→ **Entries taken from a collection**:

------------------------------------------------

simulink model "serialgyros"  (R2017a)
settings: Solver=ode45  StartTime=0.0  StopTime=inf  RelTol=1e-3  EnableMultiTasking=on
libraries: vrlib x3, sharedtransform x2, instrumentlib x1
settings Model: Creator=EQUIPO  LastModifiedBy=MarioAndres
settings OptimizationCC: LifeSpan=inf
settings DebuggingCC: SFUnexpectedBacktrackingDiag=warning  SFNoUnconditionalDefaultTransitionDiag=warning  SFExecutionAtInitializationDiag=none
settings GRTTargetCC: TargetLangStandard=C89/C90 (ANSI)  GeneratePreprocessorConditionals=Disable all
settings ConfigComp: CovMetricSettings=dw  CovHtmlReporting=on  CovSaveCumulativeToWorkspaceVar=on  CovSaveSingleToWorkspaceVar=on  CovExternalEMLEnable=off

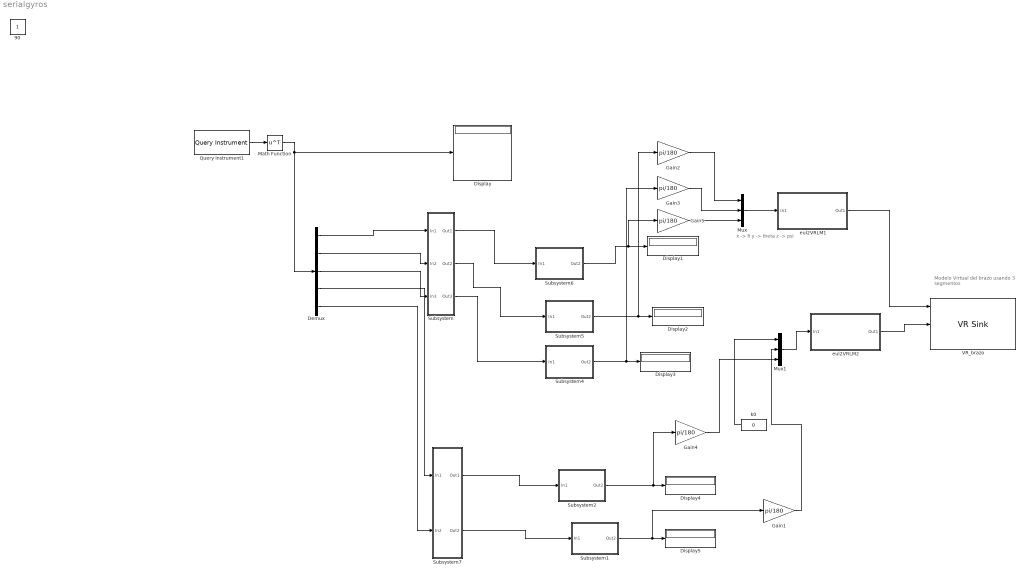
== system serialgyros ==
  note: x -> fi
      | y -> theta
      | z -> psi
  note: Modelo Virtual del brazo
      | usando 3 segmentos
  Demux : Demux  Outputs=5
  Display{,1..5} (6 alike) : Display
  Gain{1..5} (5 alike) : Gain  Gain=pi/180
  Math Function : Math  Operator=transpose  OutputSignalType=real  SaturateOnIntegerOverflow=on
  Mux : Mux  Inputs=3
  Mux1 : Mux  Inputs=3
  Query Instrument1 : instrumentlib/Query Instrument  sampleTime=0.01  isWorkspaceObject=off  timeout=20  inputBufferSize=512  protocol=Serial  serialPort=COM1  baudRate=250000  gpibVendor=Agilent Technologies  boardIndex=0  primaryAddress=1  secondaryAddress=0  visaVendor=Agilent  visaSerialPort=0  chassisIndex=0  logicalAddress=0  tcpRemoteHost='127.0.0.1'  tcpRemotePort=4500  udpRemoteHost='127.0.0.1'  udpRemotePort=9090  visaTCPBoardIndex=0  visaTCPRemoteHost='127.0.0.1'  usbBoardIndex=0  usbManufID=0  usbModelCode=0  usbSerialNumber=0  initAction=None  initCommand='DATA:SOURCE CH1'  initFunction=get  queryCommand='1'  responseFormat=ASCII  asciiFormatting='%d,'  precision=8-bit integer  byteOrder=Little endian  valuesToRead=1  removeBytes=on  afterOutputAction=Repeat query for new data  enableFrames=on  frameSize=5
      settings: SourceProductName=Instrument Control Toolbox  SourceProductBaseCode=IC
  Subsystem : Subsystem
  Subsystem1 : Subsystem
  Subsystem2 : Subsystem
  Subsystem4 : Subsystem
  Subsystem5 : Subsystem
  Subsystem6 : Subsystem
  Subsystem7 : Subsystem
  VR_brazo : vrlib/VR Sink  InstantiateOnLoad=on  SampleTime=0.1  ViewEnable=on  RemoteChange=off  RemoteView=off  FieldsWritten=H.rotation.4.1.1.double#C.rotation.4.1.1.double#M.rotation.4.1.1.double  WorldFileName=Brazo_1.WRL  AutoView=off  VideoDimensions=[]  AllowVariableSize=off  FigureProperties="{'Position', 'Name', 'Viewpoint', 'CameraBound', 'CameraDirection', 'CameraPosition', 'CameraUpVector', 'ZoomFactor', 'Antialiasing', 'Headlight', 'Lighting', 'NavPanel', 'Sound', 'StatusBar', 'Stereo3D', 'Stereo3DCameraOffset', 'Stereo3DHIT', 'ToolBar', 'Textures', 'Transparency', 'Triad', 'Wireframe', 'NavZones', 'NavMode', 'NavSpeed', 'CaptureFileFormat', 'CaptureFileName', 'Record2DCompressMethod', 'Record2DCompressQuality', 'Record2D', 'Record2DFileName', 'Record2DFPS'; [5.0000000000000000e+00   9.2000000000000000e+01   5.7600000000000000e+02   3.5000000000000000e+02], '', '_untitled_1', 'on', [0.0000000000000000e+00   0.0000000000000000e+00  -1.0000000000000000e+00], [0.0000000000000000e+00   0.0000000000000000e+00   0.0000000000000000e+00], [0.0000000000000000e+00   1.0000000000000000e+00   0.0000000000000000e+00], [1.0000000000000000e+00], 'on', 'on', 'on', 'halfbar', 'on', 'on', 'off', [1.0000000149011612e-01], [0.0000000000000000e+00], 'on', 'on', 'on', 'none', 'off', 'off', 'fly', 'normal', 'tif', '%f_anim_%n.tif', 'auto', [7.5000000000000000e+01], 'off', '%f_anim_%n.avi', 'auto'}"
      settings: SourceProductBaseCode=VR
  eul2VRLM1 : Subsystem
  eul2VRLM2 : Subsystem
  k0 : Constant  Value=0
  90 : Constant  IOType=siggen
  wires:
  Query Instrument1/1 -> Math Function/1
  Math Function/1 -> Demux/1, Display/1
  Subsystem2/1(Out2) -> Gain4/1, Display4/1
  Subsystem1/1(Out2) -> Gain1/1, Display5/1
  Demux/1 -> Subsystem/1(In1)
  Demux/2 -> Subsystem/2(In2)
  Demux/3 -> Subsystem/3(In3)
  Subsystem/1(Out1) -> Subsystem6/1(In1)
  Subsystem/2(Out2) -> Subsystem5/1(In1)
  Subsystem/3(Out3) -> Subsystem4/1(In1)
  Demux/4 -> Subsystem7/1(In1)
  Demux/5 -> Subsystem7/2(In2)
  Subsystem7/1(Out1) -> Subsystem2/1(In1)
  Subsystem7/2(Out2) -> Subsystem1/1(In1)
  Mux1/1 -> eul2VRLM2/1(In1)
  Subsystem5/1(Out2) -> Gain2/1, Display2/1
  Subsystem4/1(Out2) -> Gain3/1, Display3/1
  Subsystem6/1(Out2) -> Gain5/1, Display1/1
  eul2VRLM2/1(Out1) -> VR_brazo/2
  eul2VRLM1/1(Out1) -> VR_brazo/1
  Mux/1 -> eul2VRLM1/1(In1)
  Gain1/1 -> Mux1/2
  Gain2/1 -> Mux/1
  Gain3/1 -> Mux/2
  Gain5/1 -> Mux/3
  k0/1 -> Mux1/1
  Gain4/1 -> Mux1/3

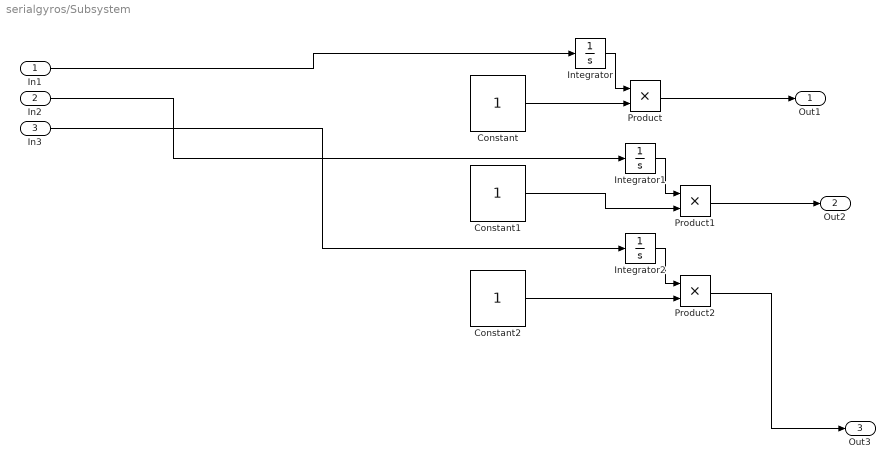
== system serialgyros/Subsystem ==
  In1 : Inport
  In2 : Inport  Port=2
  In3 : Inport  Port=3
  Constant : Constant
  Constant1 : Constant
  Constant2 : Constant
  Integrator : Integrator
  Integrator1 : Integrator
  Integrator2 : Integrator
  Product : Product
  Product1 : Product
  Product2 : Product
  Out1 : Outport
  Out2 : Outport  Port=2
  Out3 : Outport  Port=3
  wires:
  In1/1 -> Integrator/1
  In3/1 -> Integrator2/1
  Constant/1 -> Product/2
  Integrator/1 -> Product/1
  Integrator1/1 -> Product1/1
  Constant1/1 -> Product1/2
  In2/1 -> Integrator1/1
  Constant2/1 -> Product2/2
  Integrator2/1 -> Product2/1
  Product/1 -> Out1/1
  Product1/1 -> Out2/1
  Product2/1 -> Out3/1

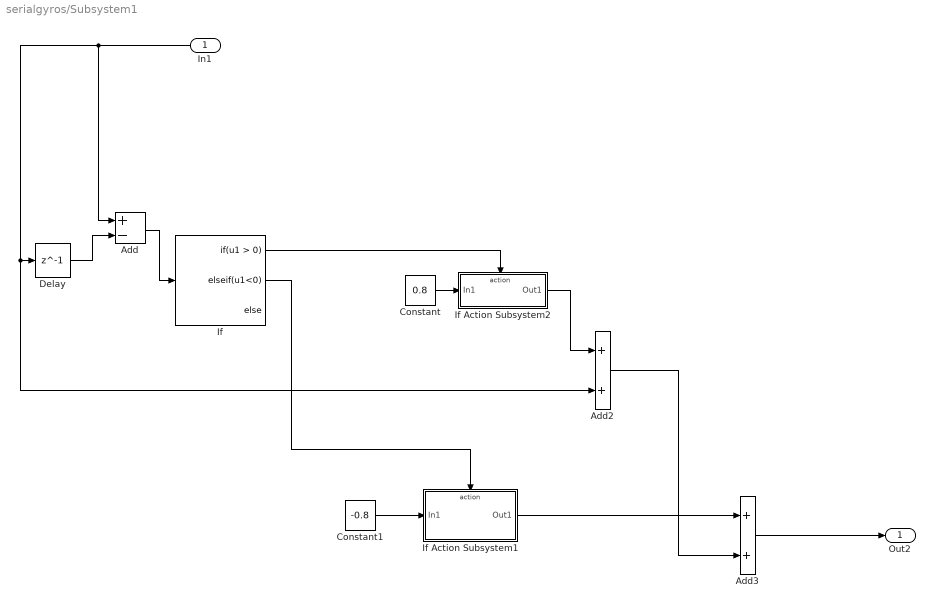
== system serialgyros/Subsystem1 ==
  In1 : Inport
  Add : Sum  Inputs=+-
  Add2 : Sum
  Add3 : Sum
  Constant : Constant  Value=0.8
  Constant1 : Constant  Value=-0.8
  Delay : Delay  DelayLength=1  InitialCondition=0  SampleTime=0.01
  If : If  ElseIfExpressions=u1<0
  If Action Subsystem1 : Subsystem  TreatAsAtomicUnit=on
  If Action Subsystem2 : Subsystem  TreatAsAtomicUnit=on
  Out2 : Outport
  wires:
  Delay/1 -> Add/2
  If/1 -> If Action Subsystem2/Action
  Add/1 -> If/1
  If/2 -> If Action Subsystem1/Action
  If Action Subsystem1/1(Out1) -> Add3/1
  Add2/1 -> Add3/2
  Constant1/1 -> If Action Subsystem1/1(In1)
  Add3/1 -> Out2/1
  Constant/1 -> If Action Subsystem2/1(In1)
  If Action Subsystem2/1(Out1) -> Add2/1
  In1/1 -> Add/1, Add2/2, Delay/1

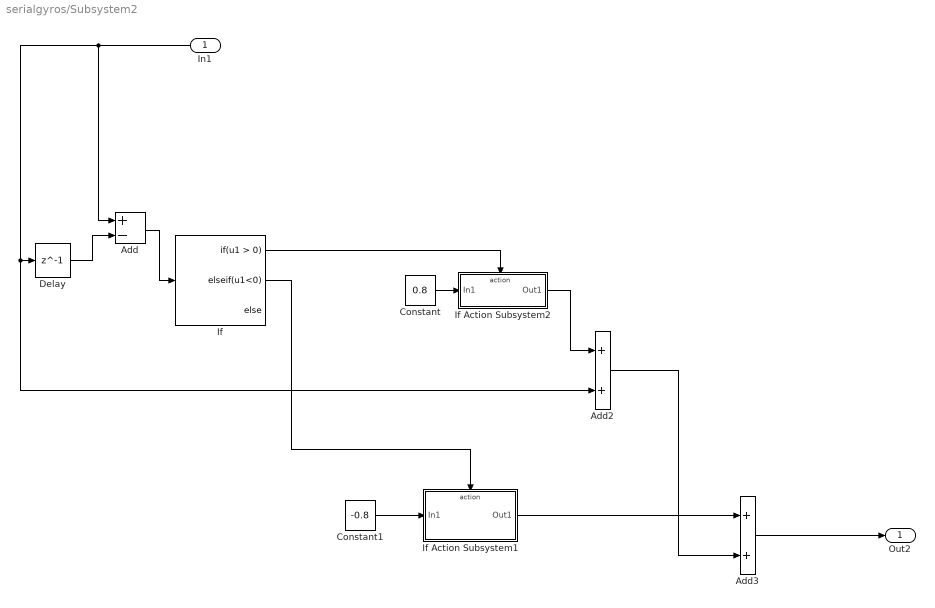
== system serialgyros/Subsystem2 ==
  In1 : Inport
  Add : Sum  Inputs=+-
  Add2 : Sum
  Add3 : Sum
  Constant : Constant  Value=0.8
  Constant1 : Constant  Value=-0.8
  Delay : Delay  DelayLength=1  InitialCondition=0  SampleTime=0.01
  If : If  ElseIfExpressions=u1<0
  If Action Subsystem1 : Subsystem  TreatAsAtomicUnit=on
  If Action Subsystem2 : Subsystem  TreatAsAtomicUnit=on
  Out2 : Outport
  wires:
  In1/1 -> Delay/1, Add2/2, Add/1
  If Action Subsystem2/1(Out1) -> Add2/1
  Constant/1 -> If Action Subsystem2/1(In1)
  Add3/1 -> Out2/1
  Constant1/1 -> If Action Subsystem1/1(In1)
  Add2/1 -> Add3/2
  If Action Subsystem1/1(Out1) -> Add3/1
  If/2 -> If Action Subsystem1/Action
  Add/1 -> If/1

------------------------------------------------

→ **WHAT IS REQUIRED**:
All that is wanted is the run of lines from the start of the data through the line containing "settings DebuggingCC: SFUnexpectedBacktrackingDiag=warning", copied word for word.

→ **ANSWER SPACE**:
simulink model "serialgyros"  (R2017a)
settings: Solver=ode45  StartTime=0.0  StopTime=inf  RelTol=1e-3  EnableMultiTasking=on
libraries: vrlib x3, sharedtransform x2, instrumentlib x1
settings Model: Creator=EQUIPO  LastModifiedBy=MarioAndres
settings OptimizationCC: LifeSpan=inf
settings DebuggingCC: SFUnexpectedBacktrackingDiag=warning  SFNoUnconditionalDefaultTransitionDiag=warning  SFExecutionAtInitializationDiag=none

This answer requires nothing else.